Er arbeitet gerne mit ihr
Feiert allerdings lieber
Mit seiner Art –

Gleich und gleich gesellt sich gern
Doch in unserem inneren Part, weich
Funkelt einsam in jedem ein Stern

Sie liegt nachts wach
Er liegt nachts wach
Und jeder sehnt sich schweigend nach
Der inneren Gleichart.

Che Chidi Chukwumerije
2019: Das Jahr der deutschen Dichtung

ÜBER DEN ATLANTIK

Die atlantischen Meere
Die atlantische Leere
Die atlantische Lehre:

Auch ruhige Menschen sind voller Leben
Auch lange Strecken sind einst überwunden
Und wenn Gott schweigt, ist das auch ein Segen.

Che Chidi Chukwumerije
2019: Jahr der deutschen Dichtung

UNZUFRIEDEN

Der Schmerz des Unerfüllbaren
Distanz ist manchmal besser als Nähe
Du weißt, daß ich Dich trotzdem sehe

Das, was wir, zusammen, nicht waren…
Das, was wir, getrennt, nicht sind…
Siehst Du’s jetzt auch?
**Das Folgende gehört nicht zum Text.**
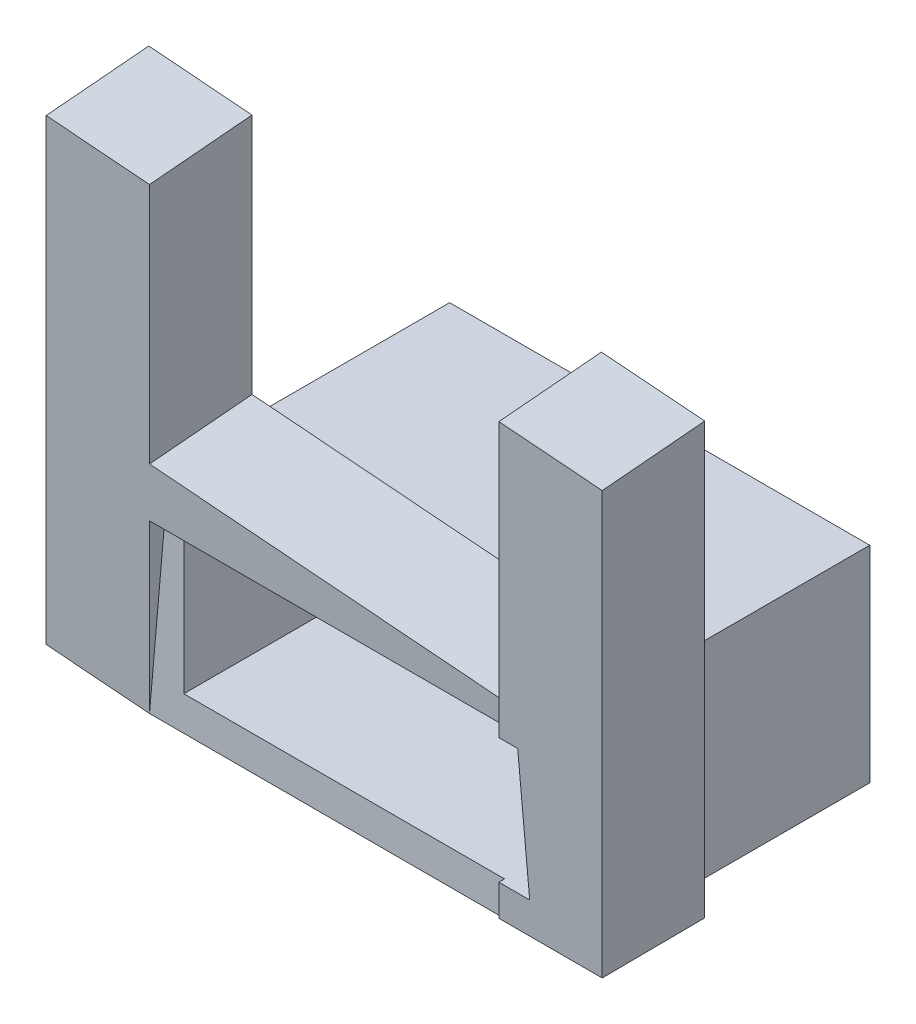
ISO-10303-21;
HEADER;
FILE_DESCRIPTION(('STEP AP214'),'2;1');
FILE_NAME('part.step','',(''),(''),'','','');
FILE_SCHEMA(('AUTOMOTIVE_DESIGN { 1 0 10303 214 1 1 1 1 }'));
ENDSEC;
DATA;
#1=APPLICATION_CONTEXT('core data for automotive mechanical design processes');
#2=APPLICATION_PROTOCOL_DEFINITION('international standard','automotive_design',2000,#1);
#3=PRODUCT_CONTEXT('',#1,'mechanical');
#4=PRODUCT('Part','Part','',(#3));
#5=PRODUCT_RELATED_PRODUCT_CATEGORY('part','',(#4));
#6=PRODUCT_DEFINITION_FORMATION('','',#4);
#7=PRODUCT_DEFINITION_CONTEXT('part definition',#1,'design');
#8=PRODUCT_DEFINITION('design','',#6,#7);
#9=PRODUCT_DEFINITION_SHAPE('','',#8);
#10=(LENGTH_UNIT() NAMED_UNIT(*) SI_UNIT(.MILLI.,.METRE.));
#11=(NAMED_UNIT(*) PLANE_ANGLE_UNIT() SI_UNIT($,.RADIAN.));
#12=(NAMED_UNIT(*) SI_UNIT($,.STERADIAN.) SOLID_ANGLE_UNIT());
#13=UNCERTAINTY_MEASURE_WITH_UNIT(LENGTH_MEASURE(1.E-05),#10,'distance_accuracy_value','');
#14=(GEOMETRIC_REPRESENTATION_CONTEXT(3) GLOBAL_UNCERTAINTY_ASSIGNED_CONTEXT((#13)) GLOBAL_UNIT_ASSIGNED_CONTEXT((#10,
#11,#12)) REPRESENTATION_CONTEXT('',''));
#15=CARTESIAN_POINT('',(0.,0.,0.));
#16=DIRECTION('',(0.,0.,1.));
#17=DIRECTION('',(1.,0.,0.));
#18=AXIS2_PLACEMENT_3D('',#15,#16,#17);
#19=CARTESIAN_POINT('',(-1.85740908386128,22.3757953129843,-10.0882096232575));
#20=DIRECTION('',(0.,-0.996194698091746,-0.0871557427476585));
#21=DIRECTION('',(0.,0.0871557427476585,-0.996194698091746));
#22=AXIS2_PLACEMENT_3D('',#19,#20,#21);
#23=PLANE('',#22);
#24=DIRECTION('',(1.,0.,0.));
#25=VECTOR('',#24,1.);
#26=CARTESIAN_POINT('',(-1.85740908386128,21.4931913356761,0.));
#27=LINE('',#26,#25);
#28=CARTESIAN_POINT('',(1.86612675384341,21.4931913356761,0.));
#29=VERTEX_POINT('',#28);
#30=CARTESIAN_POINT('',(42.9278753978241,21.4931913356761,0.));
#31=VERTEX_POINT('',#30);
#32=EDGE_CURVE('E344',#29,#31,#27,.T.);
#33=ORIENTED_EDGE('',*,*,#32,.T.);
#34=DIRECTION('',(0.,-0.0871557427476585,0.996194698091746));
#35=VECTOR('',#34,1.);
#36=CARTESIAN_POINT('',(42.9278753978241,22.3757953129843,-10.0882096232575));
#37=LINE('',#36,#35);
#38=CARTESIAN_POINT('',(42.9278753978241,21.3299264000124,1.86612675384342));
#39=VERTEX_POINT('',#38);
#40=EDGE_CURVE('E282',#31,#39,#37,.T.);
#41=ORIENTED_EDGE('',*,*,#40,.T.);
#42=DIRECTION('',(1.,0.,0.));
#43=VECTOR('',#42,1.);
#44=CARTESIAN_POINT('',(-1.85740908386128,21.3299264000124,1.86612675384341));
#45=LINE('',#44,#43);
#46=CARTESIAN_POINT('',(1.86612675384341,21.3299264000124,1.86612675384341));
#47=VERTEX_POINT('',#46);
#48=EDGE_CURVE('E348',#47,#39,#45,.T.);
#49=ORIENTED_EDGE('',*,*,#48,.F.);
#50=DIRECTION('',(0.,-0.0871557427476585,0.996194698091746));
#51=VECTOR('',#50,1.);
#52=CARTESIAN_POINT('',(1.86612675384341,21.3299264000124,1.86612675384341));
#53=LINE('',#52,#51);
#54=EDGE_CURVE('E364',#29,#47,#53,.T.);
#55=ORIENTED_EDGE('',*,*,#54,.F.);
#56=EDGE_LOOP('',(#33,#41,#49,#55));
#57=FACE_BOUND('',#56,.T.);
#58=ADVANCED_FACE('F67',(#57),#23,.T.);
#59=CARTESIAN_POINT('',(44.3444251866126,22.3757953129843,-10.0882096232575));
#60=DIRECTION('',(0.904828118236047,0.424156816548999,0.0371089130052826));
#61=DIRECTION('',(-0.424449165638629,0.905451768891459,0.));
#62=AXIS2_PLACEMENT_3D('',#59,#60,#61);
#63=PLANE('',#62);
#64=DIRECTION('',(0.,0.0871557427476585,-0.996194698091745));
#65=VECTOR('',#64,1.);
#66=CARTESIAN_POINT('',(43.1492429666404,24.9060382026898,-9.86684205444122));
#67=LINE('',#66,#65);
#68=CARTESIAN_POINT('',(43.1492429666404,23.8601692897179,2.08749432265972));
#69=VERTEX_POINT('',#68);
#70=CARTESIAN_POINT('',(43.1492429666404,24.8789553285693,-9.55728338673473));
#71=VERTEX_POINT('',#70);
#72=EDGE_CURVE('E286',#69,#71,#67,.T.);
#73=ORIENTED_EDGE('',*,*,#72,.T.);
#74=DIRECTION('',(0.425777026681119,-0.901384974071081,-0.0788609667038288));
#75=VECTOR('',#74,1.);
#76=CARTESIAN_POINT('',(44.3444251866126,22.3487124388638,-9.77865095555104));
#77=LINE('',#76,#75);
#78=CARTESIAN_POINT('',(43.5644251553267,24.,-9.63418201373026));
#79=VERTEX_POINT('',#78);
#80=EDGE_CURVE('E276',#71,#79,#77,.T.);
#81=ORIENTED_EDGE('',*,*,#80,.T.);
#82=DIRECTION('',(0.040977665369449,0.,-0.99916006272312));
#83=VECTOR('',#82,1.);
#84=CARTESIAN_POINT('',(43.5843242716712,24.,-10.1193829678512));
#85=LINE('',#84,#83);
#86=CARTESIAN_POINT('',(43.577217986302,24.,-9.94611012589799));
#87=VERTEX_POINT('',#86);
#88=EDGE_CURVE('E73',#79,#87,#85,.T.);
#89=ORIENTED_EDGE('',*,*,#88,.T.);
#90=DIRECTION('',(-0.425777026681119,0.901384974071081,0.0788609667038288));
#91=VECTOR('',#90,1.);
#92=CARTESIAN_POINT('',(44.3444251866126,22.3757953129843,-10.0882096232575));
#93=LINE('',#92,#91);
#94=CARTESIAN_POINT('',(43.0456461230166,25.1253563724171,-9.84765420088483));
#95=VERTEX_POINT('',#94);
#96=EDGE_CURVE('E352',#87,#95,#93,.T.);
#97=ORIENTED_EDGE('',*,*,#96,.T.);
#98=DIRECTION('',(0.,-0.0871557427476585,0.996194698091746));
#99=VECTOR('',#98,1.);
#100=CARTESIAN_POINT('',(43.0456461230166,25.1253563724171,-9.84765420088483));
#101=LINE('',#100,#99);
#102=CARTESIAN_POINT('',(43.0456461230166,24.0794874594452,2.10668217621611));
#103=VERTEX_POINT('',#102);
#104=EDGE_CURVE('E356',#95,#103,#101,.T.);
#105=ORIENTED_EDGE('',*,*,#104,.T.);
#106=DIRECTION('',(-0.425777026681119,0.901384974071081,0.0788609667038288));
#107=VECTOR('',#106,1.);
#108=CARTESIAN_POINT('',(44.3444251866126,21.3299264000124,1.86612675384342));
#109=LINE('',#108,#107);
#110=EDGE_CURVE('E358',#69,#103,#109,.T.);
#111=ORIENTED_EDGE('',*,*,#110,.F.);
#112=EDGE_LOOP('',(#73,#81,#89,#97,#105,#111));
#113=FACE_BOUND('',#112,.T.);
#114=ADVANCED_FACE('F451',(#113),#63,.T.);
#115=CARTESIAN_POINT('',(-6.83191224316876,59.5914723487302,5.21357827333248));
#116=DIRECTION('',(0.,0.0871557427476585,-0.996194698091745));
#117=DIRECTION('',(0.,0.996194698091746,0.0871557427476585));
#118=AXIS2_PLACEMENT_3D('',#115,#116,#117);
#119=PLANE('',#118);
#120=DIRECTION('',(-0.0868265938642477,-0.992432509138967,-0.0868265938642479));
#121=VECTOR('',#120,1.);
#122=CARTESIAN_POINT('',(45.8749590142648,55.0152462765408,4.81321037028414));
#123=LINE('',#122,#121);
#124=EDGE_CURVE('E281',#69,#39,#123,.T.);
#125=ORIENTED_EDGE('',*,*,#124,.F.);
#126=ORIENTED_EDGE('',*,*,#110,.T.);
#127=DIRECTION('',(-0.996194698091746,0.0868240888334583,0.00759612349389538));
#128=VECTOR('',#127,1.);
#129=CARTESIAN_POINT('',(43.0456461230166,24.0794874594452,2.10668217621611));
#130=LINE('',#129,#128);
#131=CARTESIAN_POINT('',(2.41648519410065,27.6205521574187,2.41648519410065));
#132=VERTEX_POINT('',#131);
#133=EDGE_CURVE('E351',#103,#132,#130,.T.);
#134=ORIENTED_EDGE('',*,*,#133,.T.);
#135=DIRECTION('',(-0.0868265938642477,-0.992432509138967,-0.0868265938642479));
#136=VECTOR('',#135,1.);
#137=CARTESIAN_POINT('',(5.12276903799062,58.5535180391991,5.12276903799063));
#138=LINE('',#137,#136);
#139=CARTESIAN_POINT('',(5.12276903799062,58.5535180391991,5.12276903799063));
#140=VERTEX_POINT('',#139);
#141=EDGE_CURVE('E399',#140,#132,#138,.T.);
#142=ORIENTED_EDGE('',*,*,#141,.F.);
#143=DIRECTION('',(0.996223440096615,-0.0864961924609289,-0.00756743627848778));
#144=VECTOR('',#143,1.);
#145=CARTESIAN_POINT('',(-6.83191224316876,59.5914723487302,5.21357827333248));
#146=LINE('',#145,#144);
#147=CARTESIAN_POINT('',(-6.83191224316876,59.5914723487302,5.21357827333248));
#148=VERTEX_POINT('',#147);
#149=EDGE_CURVE('E371',#148,#140,#146,.T.);
#150=ORIENTED_EDGE('',*,*,#149,.F.);
#151=DIRECTION('',(-0.0868265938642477,-0.992432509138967,-0.0868265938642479));
#152=VECTOR('',#151,1.);
#153=CARTESIAN_POINT('',(-6.83191224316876,59.5914723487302,5.21357827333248));
#154=LINE('',#153,#152);
#155=CARTESIAN_POINT('',(-11.9546812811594,1.03795430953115,0.0908092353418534));
#156=VERTEX_POINT('',#155);
#157=EDGE_CURVE('E381',#148,#156,#154,.T.);
#158=ORIENTED_EDGE('',*,*,#157,.T.);
#159=DIRECTION('',(0.996223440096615,-0.0864961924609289,-0.00756743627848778));
#160=VECTOR('',#159,1.);
#161=CARTESIAN_POINT('',(-11.9546812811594,1.03795430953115,0.0908092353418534));
#162=LINE('',#161,#160);
#163=CARTESIAN_POINT('',(0.,0.,0.));
#164=VERTEX_POINT('',#163);
#165=EDGE_CURVE('E367',#156,#164,#162,.T.);
#166=ORIENTED_EDGE('',*,*,#165,.T.);
#167=EDGE_CURVE('E397',#47,#164,#138,.T.);
#168=ORIENTED_EDGE('',*,*,#167,.F.);
#169=ORIENTED_EDGE('',*,*,#48,.T.);
#170=EDGE_LOOP('',(#125,#126,#134,#142,#150,#158,#166,#168,#169));
#171=FACE_BOUND('',#170,.T.);
#172=ADVANCED_FACE('F68',(#171),#119,.F.);
#173=CARTESIAN_POINT('',(0.,0.,0.));
#174=DIRECTION('',(0.,0.,-1.));
#175=DIRECTION('',(-1.,0.,0.));
#176=AXIS2_PLACEMENT_3D('',#173,#174,#175);
#177=PLANE('',#176);
#178=DIRECTION('',(-0.0864986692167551,-0.996251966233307,0.));
#179=VECTOR('',#178,1.);
#180=CARTESIAN_POINT('',(40.7545238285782,-3.53847439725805,0.));
#181=LINE('',#180,#179);
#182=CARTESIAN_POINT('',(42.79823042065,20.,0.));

Wir waren so blind.

– Che Chidi Chukwumerije.
2019: Das Jahr der deutschen Dichtung

HIN UND HER

Magnete, die anziehen
Stoßen ab
Sich, dich und mich
Und gegenseitig

Neugier erregt meine Neugier
Jede Annäherung bewirkt
Diese kuriose Distanzierung
Warum?

Und sind wir danach
Uns vertrauter
Oder uns fremder
Nun geworden?

– Che Chidi Chukwumerije.

DEN FRÜHLING RIECHEN

Ich habe
In der Distanz
Frühling gesehen –

Zitternd, wie ein gebrochenes Herz
Zitternd, wie ein heilendes Herz
Zitternd, wie ein mit Hoffnung pochendes Herz

Neue Hoffnung,
Denn ich glaube an Dich.

– Che Chidi Chukwumerije.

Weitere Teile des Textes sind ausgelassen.